Não por outro motivo a Constituição Federal, que é o critério último de validade de normas no âmbito interno, elenca em diversos dispositivos a tutela do interesse público, o que vai delimitar o alcance dos direitos individuais nos períodos de calamidade sanitária. A legitimidade conferida pelas urnas ao administrador local ou regional também é critério constitucional de divisão de competências, pois presume-se que aquele administrador escolhido está apto a, conhecendo as particularidades geográficas e culturais, encontrar a medida razoável, proporcional, eficiente que seja transparente e não excessiva para a proteção das vidas.

 

Nesse sentido está o posicionamento do Supremo Tribunal Federal em conferir competência comum administrativa aos entes federados na execução de medidas de combate e profilaxia da pandemia de COVID-19. De outro modo, como já ocorre em outras questões problemáticas do federalismo brasileiro, as diversas e múltiplas regiões do país estariam submetidos a conduta uniforme e indiscriminada elaborada pelo governo federal, o qual evidentemente tem dever de planejamento e apontamento de diretrizes, mas absolutamente inapto a regular o funcionamento de comércio, indústria, e turismo por exemplo em situações como essa. O que, é importante que se diga, não guarda relação com governante x ou y.

 

CONCLUSÃO

 

Dadas as condições da pandemia de COVID-19, e o substrato legal geral e específico, é inafastável apontar que interesse público tem fundamento na busca pelo bem comum e no respeito à dignidade da pessoa humana, vez que não existe equivalência entre interesse público e interesse estatal.
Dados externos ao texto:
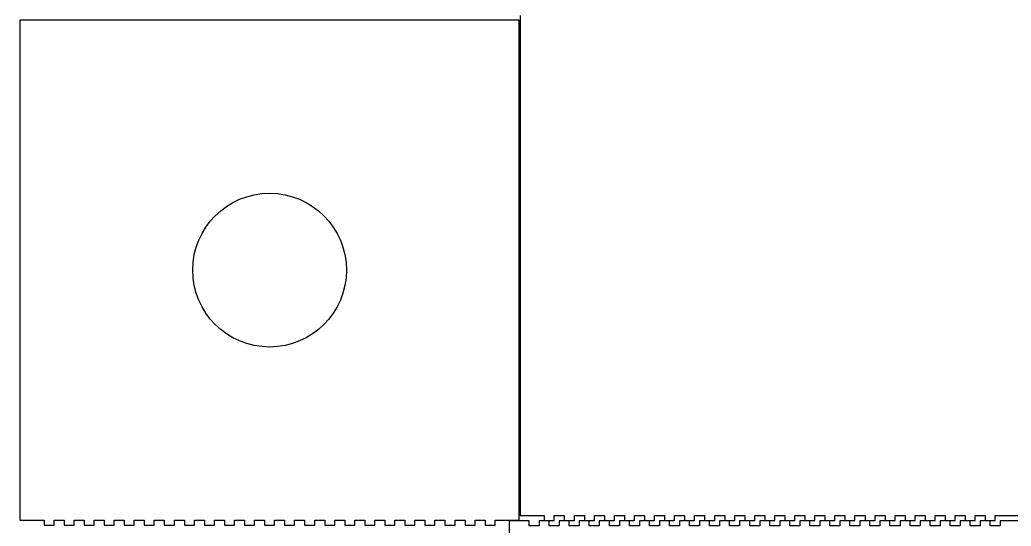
# Model space of a CAD drawing. Header units: inches. Extents: x 2290 to 3212, y 470 to 1390.
# Drawn here: x 2307 to 2900, y 780 to 1083 of the extents above; entities that cross this region are included whole.
import ezdxf

# ---------------------------------------------------------------- set-up
doc = ezdxf.new("R2010")
doc.units = ezdxf.units.IN
doc.header["$MEASUREMENT"] = 0
doc.layers.add('front_outsideCutPath', color=7, linetype='Continuous')
doc.layers.add('top_outsideCutPath', color=7, linetype='Continuous')

msp = doc.modelspace()

# ---------------------------------------------------------------- linework, layer by layer
at = {"linetype": 'Continuous'}
msp.add_circle((2456.56, 933.59), 46, dxfattribs=at)
at = {"layer": 'front_outsideCutPath'}
for p, q in [((2599.95, 783.53), (2599.95, 771.53)), ((2611.95, 783.53), (2599.95, 783.53)), ((2611.95, 780.53), (2611.95, 783.53)), ((2623.95, 783.53), (2617.95, 783.53)), ((2617.95, 783.53), (2617.95, 780.53)), ((2623.95, 780.53), (2623.95, 783.53)), ((2635.95, 783.53), (2629.95, 783.53)), ((2629.95, 783.53), (2629.95, 780.53)), ((2635.95, 780.53), (2635.95, 783.53)), ((2647.95, 783.53), (2641.95, 783.53)), ((2641.95, 783.53), (2641.95, 780.53)), ((2647.95, 780.53), (2647.95, 783.53)), ((2659.95, 783.53), (2653.95, 783.53)), ((2653.95, 783.53), (2653.95, 780.53)), ((2659.95, 780.53), (2659.95, 783.53)), ((2671.95, 783.53), (2665.95, 783.53)), ((2665.95, 783.53), (2665.95, 780.53)), ((2671.95, 780.53), (2671.95, 783.53)), ((2683.95, 783.53), (2677.95, 783.53)), ((2677.95, 783.53), (2677.95, 780.53)), ((2683.95, 780.53), (2683.95, 783.53)), ((2695.95, 783.53), (2689.95, 783.53)), ((2689.95, 783.53), (2689.95, 780.53)), ((2695.95, 780.53), (2695.95, 783.53)), ((2707.95, 783.53), (2701.95, 783.53)), ((2701.95, 783.53), (2701.95, 780.53)), ((2707.95, 780.53), (2707.95, 783.53)), ((2719.95, 783.53), (2713.95, 783.53)), ((2713.95, 783.53), (2713.95, 780.53)), ((2719.95, 780.53), (2719.95, 783.53)), ((2731.95, 783.53), (2725.95, 783.53)), ((2725.95, 783.53), (2725.95, 780.53)), ((2731.95, 780.53), (2731.95, 783.53)), ((2743.95, 783.53), (2737.95, 783.53)), ((2737.95, 783.53), (2737.95, 780.53)), ((2743.95, 780.53), (2743.95, 783.53)), ((2755.95, 783.53), (2749.95, 783.53)), ((2749.95, 783.53), (2749.95, 780.53)), ((2755.95, 780.53), (2755.95, 783.53)), ((2767.95, 783.53), (2761.95, 783.53)), ((2761.95, 783.53), (2761.95, 780.53)), ((2767.95, 780.53), (2767.95, 783.53)), ((2779.95, 783.53), (2773.95, 783.53)), ((2773.95, 783.53), (2773.95, 780.53)), ((2779.95, 780.53), (2779.95, 783.53)), ((2791.95, 783.53), (2785.95, 783.53)), ((2785.95, 783.53), (2785.95, 780.53)), ((2791.95, 780.53), (2791.95, 783.53)), ((2803.95, 783.53), (2797.95, 783.53)), ((2797.95, 783.53), (2797.95, 780.53)), ((2803.95, 780.53), (2803.95, 783.53)), ((2815.95, 783.53), (2809.95, 783.53)), ((2809.95, 783.53), (2809.95, 780.53)), ((2815.95, 780.53), (2815.95, 783.53)), ((2827.95, 783.53), (2821.95, 783.53)), ((2821.95, 783.53), (2821.95, 780.53)), ((2827.95, 780.53), (2827.95, 783.53)), ((2839.95, 783.53), (2833.95, 783.53)), ((2833.95, 783.53), (2833.95, 780.53)), ((2839.95, 780.53), (2839.95, 783.53)), ((2851.95, 783.53), (2845.95, 783.53)), ((2845.95, 783.53), (2845.95, 780.53)), ((2851.95, 780.53), (2851.95, 783.53)), ((2863.95, 783.53), (2857.95, 783.53)), ((2857.95, 783.53), (2857.95, 780.53)), ((2863.95, 780.53), (2863.95, 783.53)), ((2875.95, 783.53), (2869.95, 783.53)), ((2869.95, 783.53), (2869.95, 780.53)), ((2875.95, 780.53), (2875.95, 783.53)), ((2887.95, 783.53), (2881.95, 783.53)), ((2881.95, 783.53), (2881.95, 780.53)), ((2887.95, 780.53), (2887.95, 783.53)), ((2905.95, 783.53), (2893.95, 783.53)), ((2893.95, 783.53), (2893.95, 780.53)), ((2617.95, 780.53), (2611.95, 780.53)), ((2629.95, 780.53), (2623.95, 780.53)), ((2641.95, 780.53), (2635.95, 780.53)), ((2653.95, 780.53), (2647.95, 780.53)), ((2665.95, 780.53), (2659.95, 780.53)), ((2677.95, 780.53), (2671.95, 780.53)), ((2689.95, 780.53), (2683.95, 780.53)), ((2701.95, 780.53), (2695.95, 780.53)), ((2713.95, 780.53), (2707.95, 780.53)), ((2725.95, 780.53), (2719.95, 780.53)), ((2737.95, 780.53), (2731.95, 780.53)), ((2749.95, 780.53), (2743.95, 780.53)), ((2761.95, 780.53), (2755.95, 780.53)), ((2773.95, 780.53), (2767.95, 780.53)), ((2785.95, 780.53), (2779.95, 780.53)), ((2797.95, 780.53), (2791.95, 780.53)), ((2809.95, 780.53), (2803.95, 780.53)), ((2821.95, 780.53), (2815.95, 780.53)), ((2833.95, 780.53), (2827.95, 780.53)), ((2845.95, 780.53), (2839.95, 780.53)), ((2857.95, 780.53), (2851.95, 780.53)), ((2869.95, 780.53), (2863.95, 780.53)), ((2881.95, 780.53), (2875.95, 780.53)), ((2893.95, 780.53), (2887.95, 780.53))]:
    msp.add_line(p, q, dxfattribs=at)
at = {"layer": 'top_outsideCutPath'}
for p, q in [((2307.06, 1083.09), (2307.06, 784.09)), ((2606.06, 1083.09), (2307.06, 1083.09)), ((2606.06, 784.09), (2606.06, 1083.09)), ((2606.5, 1085.88), (2606.5, 786.88)), ((2307.06, 784.09), (2321.56, 784.09)), ((2321.56, 784.09), (2321.56, 781.09)), ((2327.56, 781.09), (2327.56, 784.09)), ((2327.56, 784.09), (2333.56, 784.09)), ((2333.56, 784.09), (2333.56, 781.09)), ((2339.56, 781.09), (2339.56, 784.09)), ((2339.56, 784.09), (2345.56, 784.09)), ((2345.56, 784.09), (2345.56, 781.09)), ((2351.56, 781.09), (2351.56, 784.09)), ((2351.56, 784.09), (2357.56, 784.09)), ((2357.56, 784.09), (2357.56, 781.09)), ((2363.56, 781.09), (2363.56, 784.09)), ((2363.56, 784.09), (2369.56, 784.09)), ((2369.56, 784.09), (2369.56, 781.09)), ((2375.56, 781.09), (2375.56, 784.09)), ((2375.56, 784.09), (2381.56, 784.09)), ((2381.56, 784.09), (2381.56, 781.09)), ((2387.56, 781.09), (2387.56, 784.09)), ((2387.56, 784.09), (2393.56, 784.09)), ((2393.56, 784.09), (2393.56, 781.09)), ((2399.56, 781.09), (2399.56, 784.09)), ((2399.56, 784.09), (2405.56, 784.09)), ((2405.56, 784.09), (2405.56, 781.09)), ((2411.56, 781.09), (2411.56, 784.09)), ((2411.56, 784.09), (2417.56, 784.09)), ((2417.56, 784.09), (2417.56, 781.09)), ((2423.56, 781.09), (2423.56, 784.09)), ((2423.56, 784.09), (2429.56, 784.09)), ((2429.56, 784.09), (2429.56, 781.09)), ((2435.56, 781.09), (2435.56, 784.09)), ((2435.56, 784.09), (2441.56, 784.09)), ((2441.56, 784.09), (2441.56, 781.09)), ((2447.56, 781.09), (2447.56, 784.09)), ((2447.56, 784.09), (2453.56, 784.09)), ((2453.56, 784.09), (2453.56, 781.09)), ((2459.56, 781.09), (2459.56, 784.09)), ((2459.56, 784.09), (2465.56, 784.09)), ((2465.56, 784.09), (2465.56, 781.09)), ((2471.56, 781.09), (2471.56, 784.09)), ((2471.56, 784.09), (2477.56, 784.09)), ((2477.56, 784.09), (2477.56, 781.09)), ((2483.56, 781.09), (2483.56, 784.09)), ((2483.56, 784.09), (2489.56, 784.09)), ((2489.56, 784.09), (2489.56, 781.09)), ((2495.56, 781.09), (2495.56, 784.09)), ((2495.56, 784.09), (2501.56, 784.09)), ((2501.56, 784.09), (2501.56, 781.09)), ((2507.56, 781.09), (2507.56, 784.09)), ((2507.56, 784.09), (2513.56, 784.09)), ((2513.56, 784.09), (2513.56, 781.09)), ((2519.56, 781.09), (2519.56, 784.09)), ((2519.56, 784.09), (2525.56, 784.09)), ((2525.56, 784.09), (2525.56, 781.09)), ((2531.56, 781.09), (2531.56, 784.09)), ((2531.56, 784.09), (2537.56, 784.09)), ((2537.56, 784.09), (2537.56, 781.09)), ((2543.56, 781.09), (2543.56, 784.09)), ((2543.56, 784.09), (2549.56, 784.09)), ((2549.56, 784.09), (2549.56, 781.09)), ((2555.56, 781.09), (2555.56, 784.09)), ((2555.56, 784.09), (2561.56, 784.09)), ((2561.56, 784.09), (2561.56, 781.09)), ((2567.56, 781.09), (2567.56, 784.09)), ((2567.56, 784.09), (2573.56, 784.09)), ((2573.56, 784.09), (2573.56, 781.09)), ((2579.56, 781.09), (2579.56, 784.09)), ((2579.56, 784.09), (2585.56, 784.09)), ((2585.56, 784.09), (2585.56, 781.09)), ((2591.56, 781.09), (2591.56, 784.09)), ((2591.56, 784.09), (2597.56, 784.09)), ((2597.56, 784.09), (2606.06, 784.09)), ((2606.5, 786.88), (2621, 786.88)), ((2621, 786.88), (2621, 783.88)), ((2621, 783.88), (2627, 783.88)), ((2627, 783.88), (2627, 786.88)), ((2627, 786.88), (2633, 786.88)), ((2633, 786.88), (2633, 783.88)), ((2633, 783.88), (2639, 783.88)), ((2639, 783.88), (2639, 786.88)), ((2639, 786.88), (2645, 786.88)), ((2645, 786.88), (2645, 783.88)), ((2645, 783.88), (2651, 783.88)), ((2651, 783.88), (2651, 786.88)), ((2651, 786.88), (2657, 786.88)), ((2657, 786.88), (2657, 783.88)), ((2657, 783.88), (2663, 783.88)), ((2663, 783.88), (2663, 786.88)), ((2663, 786.88), (2669, 786.88)), ((2669, 786.88), (2669, 783.88)), ((2669, 783.88), (2675, 783.88)), ((2675, 783.88), (2675, 786.88)), ((2675, 786.88), (2681, 786.88)), ((2681, 786.88), (2681, 783.88)), ((2681, 783.88), (2687, 783.88)), ((2687, 783.88), (2687, 786.88)), ((2687, 786.88), (2693, 786.88)), ((2693, 786.88), (2693, 783.88)), ((2693, 783.88), (2699, 783.88)), ((2699, 783.88), (2699, 786.88)), ((2699, 786.88), (2705, 786.88)), ((2705, 786.88), (2705, 783.88)), ((2705, 783.88), (2711, 783.88)), ((2711, 783.88), (2711, 786.88)), ((2711, 786.88), (2717, 786.88)), ((2717, 786.88), (2717, 783.88)), ((2717, 783.88), (2723, 783.88)), ((2723, 783.88), (2723, 786.88)), ((2723, 786.88), (2729, 786.88)), ((2729, 786.88), (2729, 783.88)), ((2729, 783.88), (2735, 783.88)), ((2735, 783.88), (2735, 786.88)), ((2735, 786.88), (2741, 786.88)), ((2741, 786.88), (2741, 783.88)), ((2741, 783.88), (2747, 783.88)), ((2747, 783.88), (2747, 786.88)), ((2747, 786.88), (2753, 786.88)), ((2753, 786.88), (2753, 783.88)), ((2753, 783.88), (2759, 783.88)), ((2759, 783.88), (2759, 786.88)), ((2759, 786.88), (2765, 786.88)), ((2765, 786.88), (2765, 783.88)), ((2765, 783.88), (2771, 783.88)), ((2771, 783.88), (2771, 786.88)), ((2771, 786.88), (2777, 786.88)), ((2777, 786.88), (2777, 783.88)), ((2777, 783.88), (2783, 783.88)), ((2783, 783.88), (2783, 786.88)), ((2783, 786.88), (2789, 786.88)), ((2789, 786.88), (2789, 783.88)), ((2789, 783.88), (2795, 783.88)), ((2795, 783.88), (2795, 786.88)), ((2795, 786.88), (2801, 786.88)), ((2801, 786.88), (2801, 783.88)), ((2801, 783.88), (2807, 783.88)), ((2807, 783.88), (2807, 786.88)), ((2807, 786.88), (2813, 786.88)), ((2813, 786.88), (2813, 783.88)), ((2813, 783.88), (2819, 783.88)), ((2819, 783.88), (2819, 786.88)), ((2819, 786.88), (2825, 786.88)), ((2825, 786.88), (2825, 783.88)), ((2825, 783.88), (2831, 783.88)), ((2831, 783.88), (2831, 786.88)), ((2831, 786.88), (2837, 786.88)), ((2837, 786.88), (2837, 783.88)), ((2837, 783.88), (2843, 783.88)), ((2843, 783.88), (2843, 786.88)), ((2843, 786.88), (2849, 786.88)), ((2849, 786.88), (2849, 783.88)), ((2849, 783.88), (2855, 783.88)), ((2855, 783.88), (2855, 786.88)), ((2855, 786.88), (2861, 786.88)), ((2861, 786.88), (2861, 783.88)), ((2861, 783.88), (2867, 783.88)), ((2867, 783.88), (2867, 786.88)), ((2867, 786.88), (2873, 786.88)), ((2873, 786.88), (2873, 783.88)), ((2873, 783.88), (2879, 783.88)), ((2879, 783.88), (2879, 786.88)), ((2879, 786.88), (2885, 786.88)), ((2885, 786.88), (2885, 783.88)), ((2885, 783.88), (2891, 783.88)), ((2891, 783.88), (2891, 786.88)), ((2891, 786.88), (2897, 786.88)), ((2897, 786.88), (2905.5, 786.88)), ((2321.56, 781.09), (2327.56, 781.09)), ((2333.56, 781.09), (2339.56, 781.09)), ((2345.56, 781.09), (2351.56, 781.09)), ((2357.56, 781.09), (2363.56, 781.09)), ((2369.56, 781.09), (2375.56, 781.09)), ((2381.56, 781.09), (2387.56, 781.09)), ((2393.56, 781.09), (2399.56, 781.09)), ((2405.56, 781.09), (2411.56, 781.09)), ((2417.56, 781.09), (2423.56, 781.09)), ((2429.56, 781.09), (2435.56, 781.09)), ((2441.56, 781.09), (2447.56, 781.09)), ((2453.56, 781.09), (2459.56, 781.09)), ((2465.56, 781.09), (2471.56, 781.09)), ((2477.56, 781.09), (2483.56, 781.09)), ((2489.56, 781.09), (2495.56, 781.09)), ((2501.56, 781.09), (2507.56, 781.09)), ((2513.56, 781.09), (2519.56, 781.09)), ((2525.56, 781.09), (2531.56, 781.09)), ((2537.56, 781.09), (2543.56, 781.09)), ((2549.56, 781.09), (2555.56, 781.09)), ((2561.56, 781.09), (2567.56, 781.09)), ((2573.56, 781.09), (2579.56, 781.09)), ((2585.56, 781.09), (2591.56, 781.09))]:
    msp.add_line(p, q, dxfattribs=at)

doc.saveas('drawing.dxf')

O que, necessariamente, leva à conclusão de que não há exclusividade do Poder Público Estado na defesa do interesse público, visto que a sociedade deve ser internalizada ao processo de formação de convencimento decisório no âmbito administrativo.

 

Portanto, no que tange às medidas administrativas a serem tomadas pelos governos locais, os administrados têm direito pleno a exigir a fundamentação racional das medidas, que considerem a preservação da saúde pública, difusa e da coletividade e dos trabalhadores da empresa, à essencialidade do serviço no cenário de calamidade pública, bem como ao risco concreto e potencial causado da atividade, nos casos de suspensão de atividades privadas, sob pena de revisão judicial. Assim, a ampla delimitação do conceito de interesse público não deve ser originada, construída e concluída a partir do Estado unicamente, mas pela ativa participação da sociedade pelos meios institucionais diretos e indiretos.